=== Section Start ===

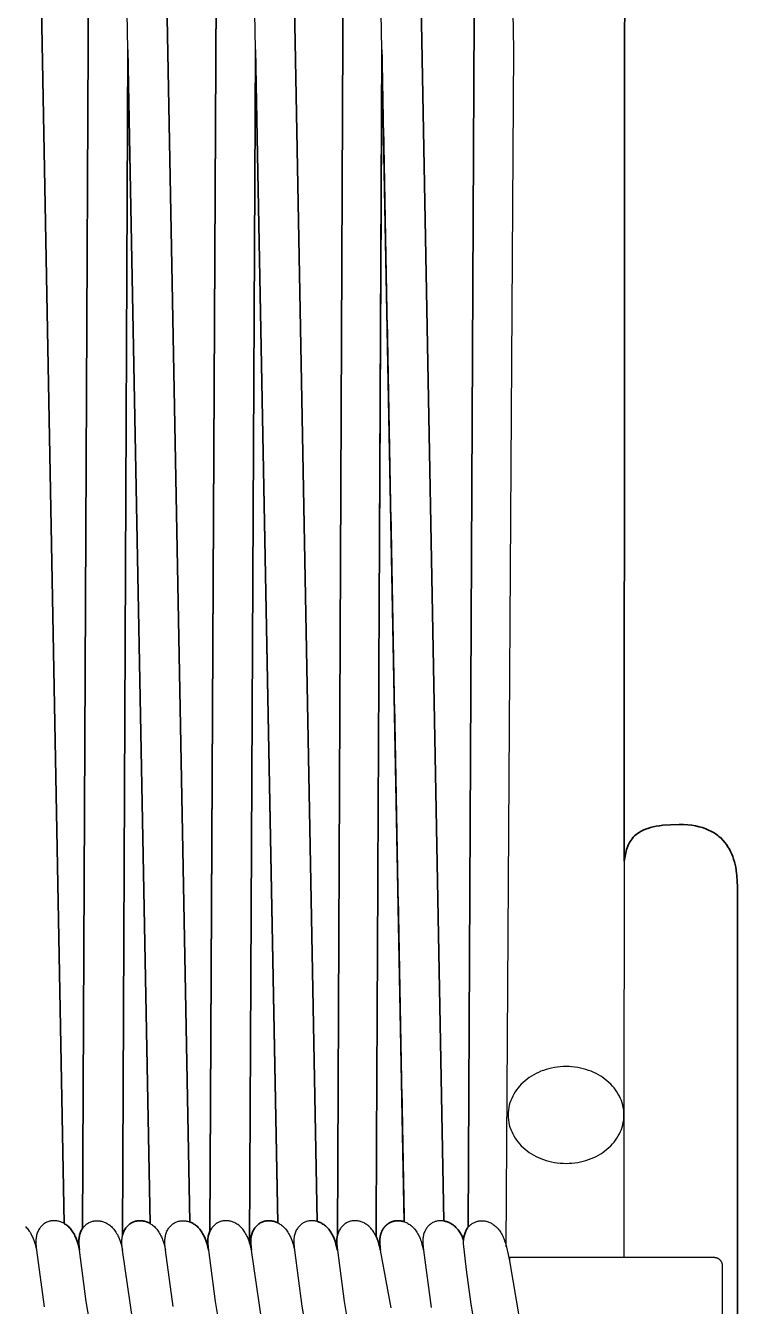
# Model space of a CAD drawing. Header units: millimetres. Extents: x 0 to 1881, y -1115 to 723.
# Drawn here: x 600.5 to 703.7, y 366 to 551.7 of the extents above; entities that cross this region are included whole.
import ezdxf

# ---------------------------------------------------------------- set-up
doc = ezdxf.new("R2010")
doc.units = ezdxf.units.MM
doc.layers.add('Blocks', color=7, linetype='Continuous')
doc.layers.add('Blocks$Inner', color=7, linetype='Continuous', lineweight=25, true_color=0x007f00)
doc.layers.add('Blocks$Outline', color=7, linetype='Continuous', lineweight=35, true_color=0xff3f3f)

# ---------------------------------------------------------------- blocks, each defined once
blk = doc.blocks.new('PK4 Lounge Chair Front')
at = {"layer": 'Blocks$Inner'}
for p, q in [((614.55, 376.28), (615.31, 548.19)), ((632.96, 375.26), (633.82, 548.19)), ((655.4, 378.25), (652.16, 548.19)), ((670.19, 374.59), (671.27, 548.19))]:
    blk.add_line(p, q, dxfattribs=at)
for points in [[(687.43, 684.23), (687.24, 373.05)], [(606.1, 377.99), (600.69, 668.28)], [(618.56, 377.99), (615.31, 548.19), (613.14, 668.3), (613.42, 674.96), (613.93, 681.47), (614.34, 684.62), (614.9, 687.69), (615.62, 690.64), (616.06, 692.07), (616.54, 693.46)], [(637.06, 378.04), (633.82, 548.19), (631.64, 668.34), (632.27, 677.7), (633.27, 685.91), (634, 689.88), (634.43, 691.71), (634.9, 693.37)], [(642.79, 378.29), (637.37, 668.5)], [(661.14, 378.36), (655.72, 668.69)], [(624.29, 378.23), (618.87, 668.42), (618.94, 679.4), (619.21, 684.65), (619.44, 687.19), (619.76, 689.64)], [(671.27, 548.19), (668.99, 673.98), (667.24, 673.98), (667.14, 673.4), (666.81, 671.61), (666.77, 671.46), (666.71, 671.24), (666.64, 671.02), (666.57, 670.82), (666.49, 670.62), (666.4, 670.43), (666.31, 670.25), (666.21, 670.07), (666.11, 669.91), (664.68, 377.48)], [(647, 669.38), (645.7, 376.22)], [(610.16, 670.16), (610.16, 670.16), (610.16, 670.16), (610.16, 670.16), (610.16, 670.16), (610.16, 670.16), (610.16, 670.16), (610.16, 670.16), (608.73, 377.24)], [(628.93, 670.27), (628.9, 670.21), (628.88, 670.18), (628.87, 670.14), (628.85, 670.1), (628.84, 670.06), (628.82, 670.01), (628.8, 669.95), (628.77, 669.8), (628.74, 669.62), (628.69, 669.08), (627.23, 376.81)], [(651.31, 376.17), (652.16, 548.19), (649.98, 668.45), (649.86, 668.5), (649.75, 668.55), (649.63, 668.62), (649.52, 668.69), (649.41, 668.76), (649.3, 668.84), (649.19, 668.93), (649.09, 669.03), (648.99, 669.13), (648.9, 669.23)], [(687.27, 430.52), (687.46, 431.51), (687.58, 432), (687.64, 432.24), (687.72, 432.48), (687.81, 432.71), (687.91, 432.94), (688.02, 433.16), (688.14, 433.38), (688.28, 433.59), (688.43, 433.79), (688.6, 433.99), (688.79, 434.18), (688.99, 434.37), (689.22, 434.54), (689.47, 434.71), (689.74, 434.87), (690.04, 435.01), (690.36, 435.15), (690.71, 435.28), (691.09, 435.39), (691.49, 435.5), (691.93, 435.59), (692.39, 435.67), (692.89, 435.73), (693.99, 435.82), (695.24, 435.85), (695.88, 435.84), (696.5, 435.8), (697.08, 435.73), (697.63, 435.64), (698.15, 435.52), (698.64, 435.39), (699.1, 435.23), (699.53, 435.04), (699.94, 434.84), (700.32, 434.62), (700.68, 434.38), (700.85, 434.26), (701.01, 434.13), (701.32, 433.85), (701.6, 433.56), (701.87, 433.26), (702.11, 432.94), (702.33, 432.62), (702.53, 432.27), (702.71, 431.92), (702.88, 431.56), (703.02, 431.19), (703.15, 430.81), (703.27, 430.43), (703.36, 430.03), (703.45, 429.64), (703.52, 429.24), (703.62, 428.42), (703.68, 427.61), (703.69, 426.79), (703.69, 11.11)], [(600.47, 377.54), (600.59, 377.42), (600.71, 377.3), (600.82, 377.17), (600.93, 377.03), (601.03, 376.88), (601.14, 376.73), (601.24, 376.57), (601.33, 376.4), (601.42, 376.22), (601.51, 376.04), (601.59, 375.84), (601.75, 375.43), (601.88, 374.99), (602.08, 374.14)], [(610.66, 358.55), (609.3, 366.68), (608.31, 374.14), (608.11, 374.99), (607.98, 375.43), (607.83, 375.84), (607.74, 376.04), (607.66, 376.22), (607.57, 376.4), (607.47, 376.57), (607.37, 376.73), (607.27, 376.88), (607.16, 377.03), (607.05, 377.17), (606.94, 377.3), (606.82, 377.42), (606.7, 377.54), (606.58, 377.65), (606.46, 377.75), (606.33, 377.84), (606.21, 377.92), (606.08, 378), (605.95, 378.07), (605.82, 378.14), (605.68, 378.2), (605.55, 378.25), (605.42, 378.29), (605.28, 378.33), (605.15, 378.35), (605.01, 378.38), (604.88, 378.39), (604.75, 378.4), (604.61, 378.4), (604.48, 378.4), (604.35, 378.39), (604.22, 378.37), (604.1, 378.35), (603.97, 378.32), (603.85, 378.28), (603.72, 378.24), (603.6, 378.19), (603.49, 378.13), (603.37, 378.07), (603.26, 378.01), (603.15, 377.93), (603.05, 377.85), (602.95, 377.77), (602.85, 377.68), (602.76, 377.58), (602.67, 377.48), (602.59, 377.37), (602.51, 377.26), (602.43, 377.14), (602.36, 377.02), (602.3, 376.89), (602.24, 376.75), (602.19, 376.61), (602.14, 376.46), (602.1, 376.31), (602.06, 376.16), (602.04, 376), (602.02, 375.83), (602, 375.66), (601.99, 375.48), (601.99, 375.3), (602, 375.12), (602.08, 374.14), (603.19, 365.93)], [(608.31, 374.14), (608.23, 375.12), (608.23, 375.3), (608.23, 375.48), (608.23, 375.66), (608.25, 375.83), (608.27, 376), (608.3, 376.16), (608.33, 376.31), (608.37, 376.46), (608.42, 376.61), (608.47, 376.75), (608.53, 376.89), (608.59, 377.02), (608.66, 377.14), (608.74, 377.26), (608.82, 377.37), (608.9, 377.48), (608.99, 377.58), (609.08, 377.68), (609.18, 377.77), (609.28, 377.85), (609.39, 377.93), (609.49, 378.01), (609.6, 378.07), (609.72, 378.13), (609.84, 378.19), (609.96, 378.24), (610.08, 378.28), (610.2, 378.32), (610.33, 378.35), (610.45, 378.37), (610.58, 378.39), (610.71, 378.4), (610.85, 378.4), (610.98, 378.4), (611.11, 378.39), (611.25, 378.38), (611.38, 378.35), (611.51, 378.33), (611.65, 378.29), (611.78, 378.25), (611.91, 378.2), (612.05, 378.14), (612.18, 378.07), (612.31, 378), (612.44, 377.92), (612.56, 377.84), (612.69, 377.75), (612.81, 377.65), (612.93, 377.54), (613.05, 377.42), (613.17, 377.3), (613.28, 377.17), (613.39, 377.03), (613.5, 376.88), (613.6, 376.73), (613.7, 376.57), (613.8, 376.4), (613.89, 376.22), (613.98, 376.04), (614.06, 375.84), (614.21, 375.43), (614.34, 374.99), (614.55, 374.14), (614.47, 375.12), (614.46, 375.3), (614.46, 375.48), (614.46, 375.66), (614.48, 375.83), (614.5, 376), (614.53, 376.16), (614.56, 376.31), (614.6, 376.46), (614.65, 376.61), (614.7, 376.75), (614.76, 376.89), (614.83, 377.02), (614.9, 377.14), (614.97, 377.26), (615.05, 377.37), (615.13, 377.48), (615.22, 377.58), (615.32, 377.68), (615.41, 377.77), (615.51, 377.85), (615.62, 377.93), (615.73, 378.01), (615.84, 378.07), (615.95, 378.13), (616.07, 378.19), (616.19, 378.24), (616.31, 378.28), (616.43, 378.32), (616.56, 378.35), (616.69, 378.37), (616.82, 378.39), (616.95, 378.4), (617.08, 378.4), (617.21, 378.4), (617.34, 378.39), (617.48, 378.38), (617.61, 378.35), (617.75, 378.33), (617.88, 378.29), (618.01, 378.25), (618.15, 378.2), (618.28, 378.14), (618.41, 378.07), (618.54, 378), (618.67, 377.92), (618.8, 377.84), (618.92, 377.75), (619.05, 377.65), (619.17, 377.54), (619.28, 377.42), (619.4, 377.3), (619.51, 377.17), (619.62, 377.03), (619.73, 376.88), (619.83, 376.73), (619.93, 376.57), (620.03, 376.4), (620.12, 376.22), (620.21, 376.04), (620.29, 375.84), (620.37, 375.64), (620.44, 375.43), (620.57, 374.99), (620.78, 374.14)], [(621.88, 365.96), (620.78, 374.14), (620.7, 375.12), (620.69, 375.3), (620.69, 375.48), (620.7, 375.66), (620.71, 375.83), (620.73, 376), (620.76, 376.16), (620.79, 376.31), (620.84, 376.46), (620.88, 376.61), (620.94, 376.75), (620.99, 376.89), (621.06, 377.02), (621.13, 377.14), (621.2, 377.26), (621.28, 377.37), (621.37, 377.48), (621.45, 377.58), (621.55, 377.68), (621.64, 377.77), (621.75, 377.85), (621.85, 377.93), (621.96, 378.01), (622.07, 378.07), (622.18, 378.13), (622.3, 378.19), (622.42, 378.24), (622.54, 378.28), (622.66, 378.32), (622.79, 378.35), (622.92, 378.37), (623.05, 378.39), (623.18, 378.4), (623.31, 378.4), (623.44, 378.4), (623.58, 378.39), (623.71, 378.38), (623.84, 378.35), (623.98, 378.33), (624.11, 378.29), (624.25, 378.25), (624.38, 378.2), (624.51, 378.14), (624.64, 378.07), (624.77, 378), (624.9, 377.92), (625.03, 377.84), (625.15, 377.75), (625.28, 377.65), (625.4, 377.54), (625.52, 377.42), (625.63, 377.3), (625.75, 377.17), (625.86, 377.03), (625.96, 376.88), (626.07, 376.73), (626.17, 376.57), (626.26, 376.4), (626.35, 376.22), (626.44, 376.04), (626.52, 375.84), (626.67, 375.43), (626.8, 374.99), (627.01, 374.14)], [(633.24, 374.14), (633.04, 374.99), (632.91, 375.43), (632.83, 375.64), (632.75, 375.84), (632.67, 376.04), (632.58, 376.22), (632.49, 376.4), (632.4, 376.57), (632.3, 376.73), (632.19, 376.88), (632.09, 377.03), (631.98, 377.17), (631.86, 377.3), (631.75, 377.42), (631.63, 377.54), (631.51, 377.65), (631.39, 377.75), (631.26, 377.84), (631.13, 377.92), (631, 378), (630.87, 378.07), (630.74, 378.14), (630.61, 378.2), (630.48, 378.25), (630.34, 378.29), (630.21, 378.33), (630.08, 378.35), (629.94, 378.38), (629.81, 378.39), (629.67, 378.4), (629.54, 378.4), (629.41, 378.4), (629.28, 378.39), (629.15, 378.37), (629.02, 378.35), (628.9, 378.32), (628.77, 378.28), (628.65, 378.24), (628.53, 378.19), (628.41, 378.13), (628.3, 378.07), (628.19, 378.01), (628.08, 377.93), (627.98, 377.85), (627.88, 377.77), (627.78, 377.68), (627.69, 377.58), (627.6, 377.48), (627.51, 377.37), (627.43, 377.26), (627.36, 377.14), (627.29, 377.02), (627.23, 376.89), (627.17, 376.75), (627.11, 376.61), (627.07, 376.46), (627.03, 376.31), (626.99, 376.16), (626.96, 376), (626.94, 375.83), (626.93, 375.66), (626.92, 375.48), (626.92, 375.3), (626.93, 375.12), (627.01, 374.14), (628, 366.68), (629.35, 358.55)], [(635.13, 361.18), (633.24, 374.14), (633.16, 375.12), (633.15, 375.3), (633.15, 375.48), (633.16, 375.66), (633.17, 375.83), (633.2, 376), (633.22, 376.16), (633.26, 376.31), (633.3, 376.46), (633.35, 376.61), (633.4, 376.75), (633.46, 376.89), (633.52, 377.02), (633.59, 377.14), (633.67, 377.26), (633.75, 377.37), (633.83, 377.48), (633.92, 377.58), (634.01, 377.68), (634.11, 377.77), (634.21, 377.85), (634.31, 377.93), (634.42, 378.01), (634.53, 378.07), (634.65, 378.13), (634.76, 378.19), (634.88, 378.24), (635, 378.28), (635.13, 378.32), (635.25, 378.35), (635.38, 378.37), (635.51, 378.39), (635.64, 378.4), (635.77, 378.4), (635.91, 378.4), (636.04, 378.39), (636.17, 378.38), (636.31, 378.35), (636.44, 378.33), (636.58, 378.29), (636.71, 378.25), (636.84, 378.2), (636.97, 378.14), (637.11, 378.07), (637.24, 378), (637.37, 377.92), (637.49, 377.84), (637.62, 377.75), (637.74, 377.65), (637.86, 377.54), (637.98, 377.42), (638.1, 377.3), (638.21, 377.17), (638.32, 377.03), (638.43, 376.88), (638.53, 376.73), (638.63, 376.57), (638.72, 376.4), (638.82, 376.22), (638.9, 376.04), (638.99, 375.84), (639.14, 375.43), (639.27, 374.99), (639.47, 374.14), (640.57, 366), (642.01, 357.48)], [(645.71, 374.14), (645.5, 374.99), (645.37, 375.43), (645.22, 375.84), (645.14, 376.04), (645.05, 376.22), (644.96, 376.4), (644.86, 376.57), (644.76, 376.73), (644.66, 376.88), (644.55, 377.03), (644.44, 377.17), (644.33, 377.3), (644.21, 377.42), (644.09, 377.54), (643.97, 377.65), (643.85, 377.75), (643.72, 377.84), (643.6, 377.92), (643.47, 378), (643.34, 378.07), (643.21, 378.14), (643.07, 378.2), (642.94, 378.25), (642.81, 378.29), (642.67, 378.33), (642.54, 378.35), (642.41, 378.38), (642.27, 378.39), (642.14, 378.4), (642.01, 378.4), (641.87, 378.4), (641.74, 378.39), (641.61, 378.37), (641.49, 378.35), (641.36, 378.32), (641.24, 378.28), (641.12, 378.24), (641, 378.19), (640.88, 378.13), (640.76, 378.07), (640.65, 378.01), (640.55, 377.93), (640.44, 377.85), (640.34, 377.77), (640.24, 377.68), (640.15, 377.58), (640.06, 377.48), (639.98, 377.37), (639.9, 377.26), (639.82, 377.14), (639.75, 377.02), (639.69, 376.89), (639.63, 376.75), (639.58, 376.61), (639.53, 376.46), (639.49, 376.31), (639.46, 376.16), (639.43, 376), (639.41, 375.83), (639.39, 375.66), (639.39, 375.48), (639.39, 375.3), (639.39, 375.12), (639.47, 374.14)], [(651.94, 374.14), (651.73, 374.99), (651.6, 375.43), (651.45, 375.84), (651.37, 376.04), (651.28, 376.22), (651.19, 376.4), (651.09, 376.57), (650.99, 376.73), (650.89, 376.88), (650.78, 377.03), (650.67, 377.17), (650.56, 377.3), (650.44, 377.42), (650.33, 377.54), (650.2, 377.65), (650.08, 377.75), (649.96, 377.84), (649.83, 377.92), (649.7, 378), (649.57, 378.07), (649.44, 378.14), (649.31, 378.2), (649.17, 378.25), (649.04, 378.29), (648.91, 378.33), (648.77, 378.35), (648.64, 378.38), (648.5, 378.39), (648.37, 378.4), (648.24, 378.4), (648.11, 378.4), (647.98, 378.39), (647.85, 378.37), (647.72, 378.35), (647.59, 378.32), (647.47, 378.28), (647.35, 378.24), (647.23, 378.19), (647.11, 378.13), (647, 378.07), (646.89, 378.01), (646.78, 377.93), (646.67, 377.85), (646.57, 377.77), (646.48, 377.68), (646.38, 377.58), (646.29, 377.48), (646.21, 377.37), (646.13, 377.26), (646.06, 377.14), (645.99, 377.02), (645.92, 376.89), (645.86, 376.75), (645.81, 376.61), (645.76, 376.46), (645.72, 376.31), (645.69, 376.16), (645.66, 376), (645.64, 375.83), (645.62, 375.66), (645.62, 375.48), (645.62, 375.3), (645.63, 375.12), (645.71, 374.14), (646.7, 366.68), (648.05, 358.55)], [(653.5, 365.78), (651.94, 374.14), (651.86, 375.12), (651.85, 375.3), (651.85, 375.48), (651.86, 375.66), (651.87, 375.83), (651.89, 376), (651.92, 376.16), (651.95, 376.31), (652, 376.46), (652.04, 376.61), (652.1, 376.75), (652.15, 376.89), (652.22, 377.02), (652.29, 377.14), (652.36, 377.26), (652.44, 377.37), (652.53, 377.48), (652.61, 377.58), (652.71, 377.68), (652.8, 377.77), (652.91, 377.85), (653.01, 377.93), (653.12, 378.01), (653.23, 378.07), (653.34, 378.13), (653.46, 378.19), (653.58, 378.24), (653.7, 378.28), (653.82, 378.32), (653.95, 378.35), (654.08, 378.37), (654.21, 378.39), (654.34, 378.4), (654.47, 378.4), (654.6, 378.4), (654.74, 378.39), (654.87, 378.38), (655, 378.35), (655.14, 378.33), (655.27, 378.29), (655.41, 378.25), (655.54, 378.2), (655.67, 378.14), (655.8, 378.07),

=== Section End ===

WHAT THE TASK REQUIRES: Only the lines from the start of the material to the line with "doc.layers.add('Blocks', color=7, linetype='Continuous')", inclusive, belong in the answer, printed exactly and free of pictures.

OUTPUT BELOW:
# Model space of a CAD drawing. Header units: millimetres. Extents: x 0 to 1881, y -1115 to 723.
# Drawn here: x 600.5 to 703.7, y 366 to 551.7 of the extents above; entities that cross this region are included whole.
import ezdxf

# ---------------------------------------------------------------- set-up
doc = ezdxf.new("R2010")
doc.units = ezdxf.units.MM
doc.layers.add('Blocks', color=7, linetype='Continuous')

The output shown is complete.